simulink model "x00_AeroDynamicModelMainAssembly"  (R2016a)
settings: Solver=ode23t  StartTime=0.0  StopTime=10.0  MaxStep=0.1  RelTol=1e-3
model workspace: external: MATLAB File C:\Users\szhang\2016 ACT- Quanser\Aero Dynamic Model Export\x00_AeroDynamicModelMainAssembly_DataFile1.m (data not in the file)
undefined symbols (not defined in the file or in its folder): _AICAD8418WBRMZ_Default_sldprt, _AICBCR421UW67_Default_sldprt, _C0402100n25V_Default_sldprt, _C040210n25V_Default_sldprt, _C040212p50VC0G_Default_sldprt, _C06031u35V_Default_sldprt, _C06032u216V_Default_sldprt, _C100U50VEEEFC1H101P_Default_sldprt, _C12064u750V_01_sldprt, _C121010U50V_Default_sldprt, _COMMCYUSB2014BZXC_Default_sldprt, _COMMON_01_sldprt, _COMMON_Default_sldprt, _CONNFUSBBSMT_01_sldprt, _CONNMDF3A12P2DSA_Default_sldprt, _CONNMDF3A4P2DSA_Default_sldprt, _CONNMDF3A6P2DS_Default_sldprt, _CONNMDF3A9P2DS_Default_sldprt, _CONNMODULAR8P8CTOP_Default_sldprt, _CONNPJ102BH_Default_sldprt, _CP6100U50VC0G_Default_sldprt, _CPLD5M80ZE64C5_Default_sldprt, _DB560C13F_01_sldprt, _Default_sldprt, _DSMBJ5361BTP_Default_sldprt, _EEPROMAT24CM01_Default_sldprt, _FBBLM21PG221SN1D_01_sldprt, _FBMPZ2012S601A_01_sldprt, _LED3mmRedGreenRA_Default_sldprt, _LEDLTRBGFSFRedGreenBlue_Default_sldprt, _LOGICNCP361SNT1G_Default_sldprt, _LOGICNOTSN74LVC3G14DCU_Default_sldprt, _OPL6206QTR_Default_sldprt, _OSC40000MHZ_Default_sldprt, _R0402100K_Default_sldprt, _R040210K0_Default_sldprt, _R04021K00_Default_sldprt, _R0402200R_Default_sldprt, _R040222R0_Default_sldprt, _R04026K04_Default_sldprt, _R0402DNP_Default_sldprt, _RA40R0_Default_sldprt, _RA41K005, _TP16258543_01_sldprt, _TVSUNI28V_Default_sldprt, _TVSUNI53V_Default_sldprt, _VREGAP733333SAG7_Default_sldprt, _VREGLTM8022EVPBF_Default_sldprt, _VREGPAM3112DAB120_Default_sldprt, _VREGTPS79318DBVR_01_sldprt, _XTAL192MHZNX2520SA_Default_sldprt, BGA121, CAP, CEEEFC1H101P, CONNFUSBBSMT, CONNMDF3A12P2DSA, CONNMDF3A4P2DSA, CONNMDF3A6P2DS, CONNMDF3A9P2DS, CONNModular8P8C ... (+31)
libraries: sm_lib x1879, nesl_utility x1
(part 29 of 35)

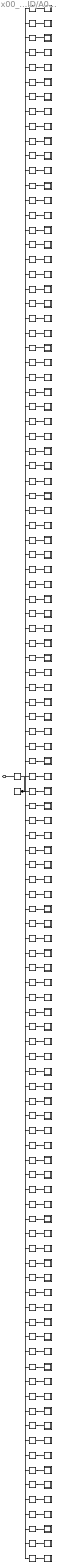
== system x00_AeroDynamicModelMainAssembly/x03_Aero_Dynamic_Model_Pivot_1_RIGID/A002_759_1_RIGID/A002_758_1_RIGID/C006_285_1_RIGID ==
  C006_285_1_RIGID : Subsystem
  CEEEFC1H101P_C100U50VEEEFC1H101P_1_RIGID : Subsystem
  CONNMDF3A6P2DS_CONNMDF3A6P2DS_1_RIGID : Subsystem
  CONNMDF3A6P2DS_CONNMDF3A6P2DS_2_RIGID : Subsystem
  CONNMDF3A9P2DS_CONNMDF3A9P2DS_1_RIGID : Subsystem
  DDO214AA_DSMBJ5361BTP_1_RIGID : Subsystem
  DDO214AB_DB560C13F_1_RIGID : Subsystem
  LGA16_3x3x086mm_ACCGYROLSM6DS0_1_RIGID : Subsystem
  MSOP10_COMMON_1_RIGID : Subsystem
  MSOP8Q_AICAD8418WBRMZ_1_RIGID : Subsystem
  MSOP8Q_AICAD8418WBRMZ_2_RIGID : Subsystem
  MSOP8Q_AICAD8418WBRMZ_3_RIGID : Subsystem
  MSOP8Q_AICAD8418WBRMZ_4_RIGID : Subsystem
  OSCECS20xx_OSC40000MHZ_1_RIGID : Subsystem
  RARRAYYC124_RA40R0_1_RIGID : Subsystem
  RARRAYYC124_RA40R0_2_RIGID : Subsystem
  RARRAYYC124_RA40R0_3_RIGID : Subsystem
  RARRAYYC124_RA40R0_4_RIGID : Subsystem
  RARRAYYC124_RA41K005_1_RIGID : Subsystem
  RARRAYYC124_RA41K005_2_RIGID : Subsystem
  ReferenceFrame : sm_lib/Frames and Transforms/Reference Frame
  SOT235_COMMON_1_RIGID : Subsystem
  SOT235_COMMON_2_RIGID : Subsystem
  SOT23_COMMON_1_RIGID : Subsystem
  SOT23_COMMON_2_RIGID : Subsystem
  SOT23_COMMON_3_RIGID : Subsystem
  TP16258543_TP16258543_1_RIGID : Subsystem
  TP16258543_TP16258543_2_RIGID : Subsystem
  TP16258543_TP16258543_3_RIGID : Subsystem
  TP16258543_TP16258543_4_RIGID : Subsystem
  TP16258543_TP16258543_5_RIGID : Subsystem
  TP16258543_TP16258543_6_RIGID : Subsystem
  TQFP144Max_V_CPLD_ground_pins_CPLD5M1270ZT144C5N_1_RIGID : Subsystem
  Transform : sm_lib/Frames and Transforms/Rigid Transform  TranslationMethod=Cartesian  TranslationLengthUnit=in  TranslationStandardAxis=+Z  TranslationStandardOffset=0  TranslationCartesianOffset=smiData.RigidTransform(427).translation  TranslationROffset=0  TranslationROffsetUnits=m  TranslationZOffset=0  TranslationZOffsetUnits=m  TranslationThetaOffset=0  TranslationThetaOffsetUnits=deg  RotationMethod=ArbitraryAxis  RotationAngleUnits=rad  RotationStandardAxis=+Z  RotationAngle=smiData.RigidTransform(427).angle  RotationArbitraryAxis=smiData.RigidTransform(427).axis  FollAlignAxisA=+X  BaseAlignAxisA=+Y  FollAlignAxisB=+Y  BaseAlignAxisB=+Z  RotationSequenceAxes=FollowerAxes  RotationSequence=XYX  RotationSequenceAngles=[0 0 0]  RotationSequenceAnglesUnits=deg  RotationMatrix=[1 0 0; 0 1 0; 0 0 1]
  Transform1 : sm_lib/Frames and Transforms/Rigid Transform  TranslationMethod=Cartesian  TranslationLengthUnit=in  TranslationStandardAxis=+Z  TranslationStandardOffset=0  TranslationCartesianOffset=smiData.RigidTransform(428).translation  TranslationROffset=0  TranslationROffsetUnits=m  TranslationZOffset=0  TranslationZOffsetUnits=m  TranslationThetaOffset=0  TranslationThetaOffsetUnits=deg  RotationMethod=ArbitraryAxis  RotationAngleUnits=rad  RotationStandardAxis=+Z  RotationAngle=smiData.RigidTransform(428).angle  RotationArbitraryAxis=smiData.RigidTransform(428).axis  FollAlignAxisA=+X  BaseAlignAxisA=+Y  FollAlignAxisB=+Y  BaseAlignAxisB=+Z  RotationSequenceAxes=FollowerAxes  RotationSequence=XYX  RotationSequenceAngles=[0 0 0]  RotationSequenceAnglesUnits=deg  RotationMatrix=[1 0 0; 0 1 0; 0 0 1]
  Transform10 : sm_lib/Frames and Transforms/Rigid Transform  TranslationMethod=Cartesian  TranslationLengthUnit=in  TranslationStandardAxis=+Z  TranslationStandardOffset=0  TranslationCartesianOffset=smiData.RigidTransform(437).translation  TranslationROffset=0  TranslationROffsetUnits=m  TranslationZOffset=0  TranslationZOffsetUnits=m  TranslationThetaOffset=0  TranslationThetaOffsetUnits=deg  RotationMethod=ArbitraryAxis  RotationAngleUnits=rad  RotationStandardAxis=+Z  RotationAngle=smiData.RigidTransform(437).angle  RotationArbitraryAxis=smiData.RigidTransform(437).axis  FollAlignAxisA=+X  BaseAlignAxisA=+Y  FollAlignAxisB=+Y  BaseAlignAxisB=+Z  RotationSequenceAxes=FollowerAxes  RotationSequence=XYX  RotationSequenceAngles=[0 0 0]  RotationSequenceAnglesUnits=deg  RotationMatrix=[1 0 0; 0 1 0; 0 0 1]
  Transform100 : sm_lib/Frames and Transforms/Rigid Transform  TranslationMethod=Cartesian  TranslationLengthUnit=in  TranslationStandardAxis=+Z  TranslationStandardOffset=0  TranslationCartesianOffset=smiData.RigidTransform(527).translation  TranslationROffset=0  TranslationROffsetUnits=m  TranslationZOffset=0  TranslationZOffsetUnits=m  TranslationThetaOffset=0  TranslationThetaOffsetUnits=deg  RotationMethod=ArbitraryAxis  RotationAngleUnits=rad  RotationStandardAxis=+Z  RotationAngle=smiData.RigidTransform(527).angle  RotationArbitraryAxis=smiData.RigidTransform(527).axis  FollAlignAxisA=+X  BaseAlignAxisA=+Y  FollAlignAxisB=+Y  BaseAlignAxisB=+Z  RotationSequenceAxes=FollowerAxes  RotationSequence=XYX  RotationSequenceAngles=[0 0 0]  RotationSequenceAnglesUnits=deg  RotationMatrix=[1 0 0; 0 1 0; 0 0 1]
  Transform101 : sm_lib/Frames and Transforms/Rigid Transform  TranslationMethod=Cartesian  TranslationLengthUnit=in  TranslationStandardAxis=+Z  TranslationStandardOffset=0  TranslationCartesianOffset=smiData.RigidTransform(528).translation  TranslationROffset=0  TranslationROffsetUnits=m  TranslationZOffset=0  TranslationZOffsetUnits=m  TranslationThetaOffset=0  TranslationThetaOffsetUnits=deg  RotationMethod=ArbitraryAxis  RotationAngleUnits=rad  RotationStandardAxis=+Z  RotationAngle=smiData.RigidTransform(528).angle  RotationArbitraryAxis=smiData.RigidTransform(528).axis  FollAlignAxisA=+X  BaseAlignAxisA=+Y  FollAlignAxisB=+Y  BaseAlignAxisB=+Z  RotationSequenceAxes=FollowerAxes  RotationSequence=XYX  RotationSequenceAngles=[0 0 0]  RotationSequenceAnglesUnits=deg  RotationMatrix=[1 0 0; 0 1 0; 0 0 1]
  Transform102 : sm_lib/Frames and Transforms/Rigid Transform  TranslationMethod=Cartesian  TranslationLengthUnit=in  TranslationStandardAxis=+Z  TranslationStandardOffset=0  TranslationCartesianOffset=smiData.RigidTransform(529).translation  TranslationROffset=0  TranslationROffsetUnits=m  TranslationZOffset=0  TranslationZOffsetUnits=m  TranslationThetaOffset=0  TranslationThetaOffsetUnits=deg  RotationMethod=ArbitraryAxis  RotationAngleUnits=rad  RotationStandardAxis=+Z  RotationAngle=smiData.RigidTransform(529).angle  RotationArbitraryAxis=smiData.RigidTransform(529).axis  FollAlignAxisA=+X  BaseAlignAxisA=+Y  FollAlignAxisB=+Y  BaseAlignAxisB=+Z  RotationSequenceAxes=FollowerAxes  RotationSequence=XYX  RotationSequenceAngles=[0 0 0]  RotationSequenceAnglesUnits=deg  RotationMatrix=[1 0 0; 0 1 0; 0 0 1]
  Transform103 : sm_lib/Frames and Transforms/Rigid Transform  TranslationMethod=Cartesian  TranslationLengthUnit=in  TranslationStandardAxis=+Z  TranslationStandardOffset=0  TranslationCartesianOffset=smiData.RigidTransform(530).translation  TranslationROffset=0  TranslationROffsetUnits=m  TranslationZOffset=0  TranslationZOffsetUnits=m  TranslationThetaOffset=0  TranslationThetaOffsetUnits=deg  RotationMethod=ArbitraryAxis  RotationAngleUnits=rad  RotationStandardAxis=+Z  RotationAngle=smiData.RigidTransform(530).angle  RotationArbitraryAxis=smiData.RigidTransform(530).axis  FollAlignAxisA=+X  BaseAlignAxisA=+Y  FollAlignAxisB=+Y  BaseAlignAxisB=+Z  RotationSequenceAxes=FollowerAxes  RotationSequence=XYX  RotationSequenceAngles=[0 0 0]  RotationSequenceAnglesUnits=deg  RotationMatrix=[1 0 0; 0 1 0; 0 0 1]
  Transform104 : sm_lib/Frames and Transforms/Rigid Transform  TranslationMethod=Cartesian  TranslationLengthUnit=in  TranslationStandardAxis=+Z  TranslationStandardOffset=0  TranslationCartesianOffset=smiData.RigidTransform(531).translation  TranslationROffset=0  TranslationROffsetUnits=m  TranslationZOffset=0  TranslationZOffsetUnits=m  TranslationThetaOffset=0  TranslationThetaOffsetUnits=deg  RotationMethod=ArbitraryAxis  RotationAngleUnits=rad  RotationStandardAxis=+Z  RotationAngle=smiData.RigidTransform(531).angle  RotationArbitraryAxis=smiData.RigidTransform(531).axis  FollAlignAxisA=+X  BaseAlignAxisA=+Y  FollAlignAxisB=+Y  BaseAlignAxisB=+Z  RotationSequenceAxes=FollowerAxes  RotationSequence=XYX  RotationSequenceAngles=[0 0 0]  RotationSequenceAnglesUnits=deg  RotationMatrix=[1 0 0; 0 1 0; 0 0 1]
  Transform105 : sm_lib/Frames and Transforms/Rigid Transform  TranslationMethod=Cartesian  TranslationLengthUnit=in  TranslationStandardAxis=+Z  TranslationStandardOffset=0  TranslationCartesianOffset=smiData.RigidTransform(532).translation  TranslationROffset=0  TranslationROffsetUnits=m  TranslationZOffset=0  TranslationZOffsetUnits=m  TranslationThetaOffset=0  TranslationThetaOffsetUnits=deg  RotationMethod=ArbitraryAxis  RotationAngleUnits=rad  RotationStandardAxis=+Z  RotationAngle=smiData.RigidTransform(532).angle  RotationArbitraryAxis=smiData.RigidTransform(532).axis  FollAlignAxisA=+X  BaseAlignAxisA=+Y  FollAlignAxisB=+Y  BaseAlignAxisB=+Z  RotationSequenceAxes=FollowerAxes  RotationSequence=XYX  RotationSequenceAngles=[0 0 0]  RotationSequenceAnglesUnits=deg  RotationMatrix=[1 0 0; 0 1 0; 0 0 1]
  Transform106 : sm_lib/Frames and Transforms/Rigid Transform  TranslationMethod=Cartesian  TranslationLengthUnit=in  TranslationStandardAxis=+Z  TranslationStandardOffset=0  TranslationCartesianOffset=smiData.RigidTransform(533).translation  TranslationROffset=0  TranslationROffsetUnits=m  TranslationZOffset=0  TranslationZOffsetUnits=m  TranslationThetaOffset=0  TranslationThetaOffsetUnits=deg  RotationMethod=ArbitraryAxis  RotationAngleUnits=rad  RotationStandardAxis=+Z  RotationAngle=smiData.RigidTransform(533).angle  RotationArbitraryAxis=smiData.RigidTransform(533).axis  FollAlignAxisA=+X  BaseAlignAxisA=+Y  FollAlignAxisB=+Y  BaseAlignAxisB=+Z  RotationSequenceAxes=FollowerAxes  RotationSequence=XYX  RotationSequenceAngles=[0 0 0]  RotationSequenceAnglesUnits=deg  RotationMatrix=[1 0 0; 0 1 0; 0 0 1]
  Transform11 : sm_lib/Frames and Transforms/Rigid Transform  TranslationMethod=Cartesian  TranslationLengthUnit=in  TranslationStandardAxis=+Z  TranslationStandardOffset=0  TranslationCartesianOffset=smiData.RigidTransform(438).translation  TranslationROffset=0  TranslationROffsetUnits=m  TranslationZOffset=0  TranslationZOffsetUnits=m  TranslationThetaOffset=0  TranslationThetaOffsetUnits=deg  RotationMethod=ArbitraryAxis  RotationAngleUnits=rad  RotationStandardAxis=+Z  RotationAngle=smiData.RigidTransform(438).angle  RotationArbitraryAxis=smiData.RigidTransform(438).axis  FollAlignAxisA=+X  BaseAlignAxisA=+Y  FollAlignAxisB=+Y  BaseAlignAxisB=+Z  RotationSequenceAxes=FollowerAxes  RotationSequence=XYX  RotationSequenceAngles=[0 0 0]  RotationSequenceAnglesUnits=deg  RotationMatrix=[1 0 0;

> ABOUT THIS EXERCISE
Please return every line of the records above that contains the word "file".

> WRITTEN ANSWER
model workspace: external: MATLAB File C:\Users\szhang\2016 ACT- Quanser\Aero Dynamic Model Export\x00_AeroDynamicModelMainAssembly_DataFile1.m (data not in the file)
undefined symbols (not defined in the file or in its folder): _AICAD8418WBRMZ_Default_sldprt, _AICBCR421UW67_Default_sldprt, _C0402100n25V_Default_sldprt, _C040210n25V_Default_sldprt, _C040212p50VC0G_Default_sldprt, _C06031u35V_Default_sldprt, _C06032u216V_Default_sldprt, _C100U50VEEEFC1H101P_Default_sldprt, _C12064u750V_01_sldprt, _C121010U50V_Default_sldprt, _COMMCYUSB2014BZXC_Default_sldprt, _COMMON_01_sldprt, _COMMON_Default_sldprt, _CONNFUSBBSMT_01_sldprt, _CONNMDF3A12P2DSA_Default_sldprt, _CONNMDF3A4P2DSA_Default_sldprt, _CONNMDF3A6P2DS_Default_sldprt, _CONNMDF3A9P2DS_Default_sldprt, _CONNMODULAR8P8CTOP_Default_sldprt, _CONNPJ102BH_Default_sldprt, _CP6100U50VC0G_Default_sldprt, _CPLD5M80ZE64C5_Default_sldprt, _DB560C13F_01_sldprt, _Default_sldprt, _DSMBJ5361BTP_Default_sldprt, _EEPROMAT24CM01_Default_sldprt, _FBBLM21PG221SN1D_01_sldprt, _FBMPZ2012S601A_01_sldprt, _LED3mmRedGreenRA_Default_sldprt, _LEDLTRBGFSFRedGreenBlue_Default_sldprt, _LOGICNCP361SNT1G_Default_sldprt, _LOGICNOTSN74LVC3G14DCU_Default_sldprt, _OPL6206QTR_Default_sldprt, _OSC40000MHZ_Default_sldprt, _R0402100K_Default_sldprt, _R040210K0_Default_sldprt, _R04021K00_Default_sldprt, _R0402200R_Default_sldprt, _R040222R0_Default_sldprt, _R04026K04_Default_sldprt, _R0402DNP_Default_sldprt, _RA40R0_Default_sldprt, _RA41K005, _TP16258543_01_sldprt, _TVSUNI28V_Default_sldprt, _TVSUNI53V_Default_sldprt, _VREGAP733333SAG7_Default_sldprt, _VREGLTM8022EVPBF_Default_sldprt, _VREGPAM3112DAB120_Default_sldprt, _VREGTPS79318DBVR_01_sldprt, _XTAL192MHZNX2520SA_Default_sldprt, BGA121, CAP, CEEEFC1H101P, CONNFUSBBSMT, CONNMDF3A12P2DSA, CONNMDF3A4P2DSA, CONNMDF3A6P2DS, CONNMDF3A9P2DS, CONNModular8P8C ... (+31)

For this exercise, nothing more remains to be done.